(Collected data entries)
- - -

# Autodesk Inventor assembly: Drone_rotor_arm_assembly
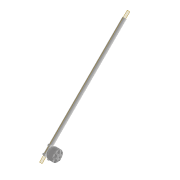
[picture p0: Inventor's stored thumbnail of the model, 180x180]
Saved by Autodesk Inventor 2022 (Build 260153000, 153)
## iProperties
Created: 2022-04-28
Part Number: Drone_rotor_arm_assembly
Document SubType Name: Assembly
Designer: dell
Author: dell
## Documents named in this file (6)
- D:\xxxx\Uni\Part IV\MECHENG_700\Part_IV_project_CAD\Bird_skeleton_prototypes\Bird_wing_10_large_V1\Drone_rotor_arm_assembly.iam
- D:\xxxx\Uni\Part IV\MECHENG_700\Part_IV_project_CAD\Bird_skeleton_prototypes\Wing_drone_V1\T-Motor MN3110.iam
- D:\xxxx\Uni\Part IV\MECHENG_700\Part_IV_project_CAD\Bird_skeleton_prototypes\Wing_drone_V1\CF_tube_12mm.ipt
- D:\xxxx\Uni\Part IV\MECHENG_700\Part_IV_project_CAD\Bird_skeleton_prototypes\Wing_drone_V1\Motor_mount_plate.ipt
- D:\xxxx\Uni\Part IV\MECHENG_700\Part_IV_project_CAD\Bird_skeleton_prototypes\Wing_drone_V1\Motor_mount_clamp_p2.ipt
- D:\xxxx\Uni\Part IV\MECHENG_700\Part_IV_project_CAD\Bird_skeleton_prototypes\Wing_drone_V1\Motor_mount_clamp_p1.ipt
## Components (7 placed, 5 different names)
1. T-Motor MN3110:1 [sub-assembly] — Mate:4, Mate:5, Mate:6
2. CF_tube_12mm:1 — Mate:13, Angle:1, Flush:1
3. Motor_mount_plate:1 — Mate:4, Mate:5, Mate:6, Mate:7, Mate:8, Mate:9, Angle:1, Mate:14, Mate:15, Mate:16, Mate:18, Mate:19
4. Motor_mount_clamp_p2:2 — Mate:7, Mate:8, Mate:9, Mate:10, Mate:11, Mate:12, Mate:13
5. Motor_mount_clamp_p1:1 — Mate:10, Mate:11, Mate:12, Flush:1
6. Motor_mount_clamp_p2:3 — Mate:14, Mate:15, Mate:16, Mate:17
7. Motor_mount_clamp_p1:2 — Mate:17, Mate:18, Mate:19
## Relationships (18: Mate 16, Angle 1, Flush 1)
- Mate:4: T-Motor MN3110:1 ↔ Motor_mount_plate:1
- Mate:5: T-Motor MN3110:1 ↔ Motor_mount_plate:1
- Mate:6: T-Motor MN3110:1 ↔ Motor_mount_plate:1
- Mate:7: Motor_mount_plate:1 ↔ Motor_mount_clamp_p2:2
- Mate:8: Motor_mount_plate:1 ↔ Motor_mount_clamp_p2:2
- Mate:9: Motor_mount_plate:1 ↔ Motor_mount_clamp_p2:2
- Mate:10: Motor_mount_clamp_p2:2 ↔ Motor_mount_clamp_p1:1
- Mate:11: Motor_mount_clamp_p2:2 ↔ Motor_mount_clamp_p1:1
- Mate:12: Motor_mount_clamp_p2:2 ↔ Motor_mount_clamp_p1:1
- Mate:13: CF_tube_12mm:1 ↔ Motor_mount_clamp_p2:2
- Angle:1 (180 deg): CF_tube_12mm:1 ↔ Motor_mount_plate:1
- Mate:14: Motor_mount_plate:1 ↔ Motor_mount_clamp_p2:3
- Mate:15: Motor_mount_plate:1 ↔ Motor_mount_clamp_p2:3
- Mate:16: Motor_mount_plate:1 ↔ Motor_mount_clamp_p2:3
- Mate:17: Motor_mount_clamp_p2:3 ↔ Motor_mount_clamp_p1:2
- Mate:18: Motor_mount_plate:1 ↔ Motor_mount_clamp_p1:2
- Mate:19: Motor_mount_plate:1 ↔ Motor_mount_clamp_p1:2
- Flush:1: CF_tube_12mm:1 ↔ Motor_mount_clamp_p1:1
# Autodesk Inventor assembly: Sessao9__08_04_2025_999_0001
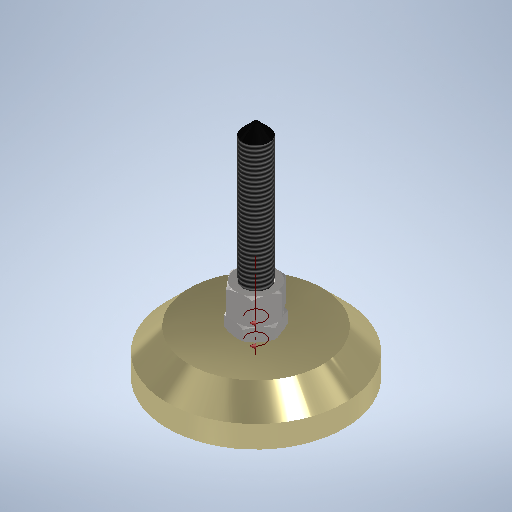
[picture p0: Inventor's stored thumbnail of the model, 512x512]
Saved by Autodesk Inventor 2025.2 (Build 292293000, 293)
## iProperties
Created: 2025-04-08
Part Number: Sessao9__08_04_2025_999_0001
Document SubType Name: Assembly
Designer: Gustavo Sousa
Author: Gustavo Sousa
## Documents named in this file (5)
- C:\Users\lucas\OneDrive\Documentos\Documentos\Gustavo\Mozangao\Robotica_Fundamentos\Inventor\Sessao9__08_04_2025\Sessao9__08_04_2025_999_0001.iam
- C:\Users\lucas\OneDrive\Documentos\Documentos\Gustavo\Mozangao\Robotica_Fundamentos\Inventor\Sessao9__08_04_2025\Sessao9__08_04_2025_0001_001.ipt
- C:\Users\lucas\OneDrive\Documentos\Documentos\Gustavo\Mozangao\Robotica_Fundamentos\Inventor\Sessao9__08_04_2025\Sessao9__08_04_2025_0002_001.ipt
- C:\Users\lucas\OneDrive\Documentos\Inventor\Content Center Files\R2025\pt-BR\ANSI B18.2.4.5M\ANSI B18.2.4.5M - M12 x 1.75.ipt
- C:\Users\lucas\OneDrive\Documentos\Inventor\Content Center Files\R2025\pt-BR\ANSI B 18.2.4.1 M(1)\ANSI B 18.2.4.1 M - M12 x 1,75Style 2.ipt
## Components (4 placed, 4 different names)
1. Sessao9__08_04_2025_0001_001:1 — Alinhado:1, Alinhado:2, Alinhado:3, Coincidente:2, Coincidente:4, Alinhado:4
2. Sessao9__08_04_2025_0002_001:1 — Coincidente:1, Coincidente:2, Coincidente:3, Coincidente:5, Alinhado:5
3. Contraporca sextavada - Métrica M12 x 1.75:1 — Coincidente:3, Coincidente:4, Coincidente:6
4. Porca sextavada Métrica M12 x 1,75:1 — Coincidente:5, Coincidente:6
## Relationships (11: Mate 6, Flush 5)
- Alinhado:1 [Flush]: Sessao9__08_04_2025_0001_001:1
- Alinhado:2 [Flush]: Sessao9__08_04_2025_0001_001:1
- Alinhado:3 [Flush]: Sessao9__08_04_2025_0001_001:1
- Coincidente:1 [Mate]: Sessao9__08_04_2025_0002_001:1
- Coincidente:2 [Mate]: Sessao9__08_04_2025_0001_001:1 ↔ Sessao9__08_04_2025_0002_001:1
- Coincidente:3 [Mate]: Sessao9__08_04_2025_0002_001:1 ↔ Contraporca sextavada - Métrica M12 x 1.75:1
- Coincidente:4 [Mate]: Sessao9__08_04_2025_0001_001:1 ↔ Contraporca sextavada - Métrica M12 x 1.75:1
- Coincidente:5 [Mate]: Sessao9__08_04_2025_0002_001:1 ↔ Porca sextavada Métrica M12 x 1,75:1
- Coincidente:6 [Mate]: Contraporca sextavada - Métrica M12 x 1.75:1 ↔ Porca sextavada Métrica M12 x 1,75:1
- Alinhado:4 [Flush]: Sessao9__08_04_2025_0001_001:1
- Alinhado:5 [Flush]: Sessao9__08_04_2025_0002_001:1

- - -

▸ **EXERCISE AIM**:
Word for word, set down every line of the records above, and leave the pictures out.

▸ **SOLUTION FOR THIS TASK**:
# Autodesk Inventor assembly: Drone_rotor_arm_assembly
[picture p0: Inventor's stored thumbnail of the model, 180x180]
Saved by Autodesk Inventor 2022 (Build 260153000, 153)
## iProperties
Created: 2022-04-28
Part Number: Drone_rotor_arm_assembly
Document SubType Name: Assembly
Designer: dell
Author: dell
## Documents named in this file (6)
- D:\xxxx\Uni\Part IV\MECHENG_700\Part_IV_project_CAD\Bird_skeleton_prototypes\Bird_wing_10_large_V1\Drone_rotor_arm_assembly.iam
- D:\xxxx\Uni\Part IV\MECHENG_700\Part_IV_project_CAD\Bird_skeleton_prototypes\Wing_drone_V1\T-Motor MN3110.iam
- D:\xxxx\Uni\Part IV\MECHENG_700\Part_IV_project_CAD\Bird_skeleton_prototypes\Wing_drone_V1\CF_tube_12mm.ipt
- D:\xxxx\Uni\Part IV\MECHENG_700\Part_IV_project_CAD\Bird_skeleton_prototypes\Wing_drone_V1\Motor_mount_plate.ipt
- D:\xxxx\Uni\Part IV\MECHENG_700\Part_IV_project_CAD\Bird_skeleton_prototypes\Wing_drone_V1\Motor_mount_clamp_p2.ipt
- D:\xxxx\Uni\Part IV\MECHENG_700\Part_IV_project_CAD\Bird_skeleton_prototypes\Wing_drone_V1\Motor_mount_clamp_p1.ipt
## Components (7 placed, 5 different names)
1. T-Motor MN3110:1 [sub-assembly] — Mate:4, Mate:5, Mate:6
2. CF_tube_12mm:1 — Mate:13, Angle:1, Flush:1
3. Motor_mount_plate:1 — Mate:4, Mate:5, Mate:6, Mate:7, Mate:8, Mate:9, Angle:1, Mate:14, Mate:15, Mate:16, Mate:18, Mate:19
4. Motor_mount_clamp_p2:2 — Mate:7, Mate:8, Mate:9, Mate:10, Mate:11, Mate:12, Mate:13
5. Motor_mount_clamp_p1:1 — Mate:10, Mate:11, Mate:12, Flush:1
6. Motor_mount_clamp_p2:3 — Mate:14, Mate:15, Mate:16, Mate:17
7. Motor_mount_clamp_p1:2 — Mate:17, Mate:18, Mate:19
## Relationships (18: Mate 16, Angle 1, Flush 1)
- Mate:4: T-Motor MN3110:1 ↔ Motor_mount_plate:1
- Mate:5: T-Motor MN3110:1 ↔ Motor_mount_plate:1
- Mate:6: T-Motor MN3110:1 ↔ Motor_mount_plate:1
- Mate:7: Motor_mount_plate:1 ↔ Motor_mount_clamp_p2:2
- Mate:8: Motor_mount_plate:1 ↔ Motor_mount_clamp_p2:2
- Mate:9: Motor_mount_plate:1 ↔ Motor_mount_clamp_p2:2
- Mate:10: Motor_mount_clamp_p2:2 ↔ Motor_mount_clamp_p1:1
- Mate:11: Motor_mount_clamp_p2:2 ↔ Motor_mount_clamp_p1:1
- Mate:12: Motor_mount_clamp_p2:2 ↔ Motor_mount_clamp_p1:1
- Mate:13: CF_tube_12mm:1 ↔ Motor_mount_clamp_p2:2
- Angle:1 (180 deg): CF_tube_12mm:1 ↔ Motor_mount_plate:1
- Mate:14: Motor_mount_plate:1 ↔ Motor_mount_clamp_p2:3
- Mate:15: Motor_mount_plate:1 ↔ Motor_mount_clamp_p2:3
- Mate:16: Motor_mount_plate:1 ↔ Motor_mount_clamp_p2:3
- Mate:17: Motor_mount_clamp_p2:3 ↔ Motor_mount_clamp_p1:2
- Mate:18: Motor_mount_plate:1 ↔ Motor_mount_clamp_p1:2
- Mate:19: Motor_mount_plate:1 ↔ Motor_mount_clamp_p1:2
- Flush:1: CF_tube_12mm:1 ↔ Motor_mount_clamp_p1:1
# Autodesk Inventor assembly: Sessao9__08_04_2025_999_0001
[picture p0: Inventor's stored thumbnail of the model, 512x512]
Saved by Autodesk Inventor 2025.2 (Build 292293000, 293)
## iProperties
Created: 2025-04-08
Part Number: Sessao9__08_04_2025_999_0001
Document SubType Name: Assembly
Designer: Gustavo Sousa
Author: Gustavo Sousa
## Documents named in this file (5)
- C:\Users\lucas\OneDrive\Documentos\Documentos\Gustavo\Mozangao\Robotica_Fundamentos\Inventor\Sessao9__08_04_2025\Sessao9__08_04_2025_999_0001.iam
- C:\Users\lucas\OneDrive\Documentos\Documentos\Gustavo\Mozangao\Robotica_Fundamentos\Inventor\Sessao9__08_04_2025\Sessao9__08_04_2025_0001_001.ipt
- C:\Users\lucas\OneDrive\Documentos\Documentos\Gustavo\Mozangao\Robotica_Fundamentos\Inventor\Sessao9__08_04_2025\Sessao9__08_04_2025_0002_001.ipt
- C:\Users\lucas\OneDrive\Documentos\Inventor\Content Center Files\R2025\pt-BR\ANSI B18.2.4.5M\ANSI B18.2.4.5M - M12 x 1.75.ipt
- C:\Users\lucas\OneDrive\Documentos\Inventor\Content Center Files\R2025\pt-BR\ANSI B 18.2.4.1 M(1)\ANSI B 18.2.4.1 M - M12 x 1,75Style 2.ipt
## Components (4 placed, 4 different names)
1. Sessao9__08_04_2025_0001_001:1 — Alinhado:1, Alinhado:2, Alinhado:3, Coincidente:2, Coincidente:4, Alinhado:4
2. Sessao9__08_04_2025_0002_001:1 — Coincidente:1, Coincidente:2, Coincidente:3, Coincidente:5, Alinhado:5
3. Contraporca sextavada - Métrica M12 x 1.75:1 — Coincidente:3, Coincidente:4, Coincidente:6
4. Porca sextavada Métrica M12 x 1,75:1 — Coincidente:5, Coincidente:6
## Relationships (11: Mate 6, Flush 5)
- Alinhado:1 [Flush]: Sessao9__08_04_2025_0001_001:1
- Alinhado:2 [Flush]: Sessao9__08_04_2025_0001_001:1
- Alinhado:3 [Flush]: Sessao9__08_04_2025_0001_001:1
- Coincidente:1 [Mate]: Sessao9__08_04_2025_0002_001:1
- Coincidente:2 [Mate]: Sessao9__08_04_2025_0001_001:1 ↔ Sessao9__08_04_2025_0002_001:1
- Coincidente:3 [Mate]: Sessao9__08_04_2025_0002_001:1 ↔ Contraporca sextavada - Métrica M12 x 1.75:1
- Coincidente:4 [Mate]: Sessao9__08_04_2025_0001_001:1 ↔ Contraporca sextavada - Métrica M12 x 1.75:1
- Coincidente:5 [Mate]: Sessao9__08_04_2025_0002_001:1 ↔ Porca sextavada Métrica M12 x 1,75:1
- Coincidente:6 [Mate]: Contraporca sextavada - Métrica M12 x 1.75:1 ↔ Porca sextavada Métrica M12 x 1,75:1
- Alinhado:4 [Flush]: Sessao9__08_04_2025_0001_001:1
- Alinhado:5 [Flush]: Sessao9__08_04_2025_0002_001:1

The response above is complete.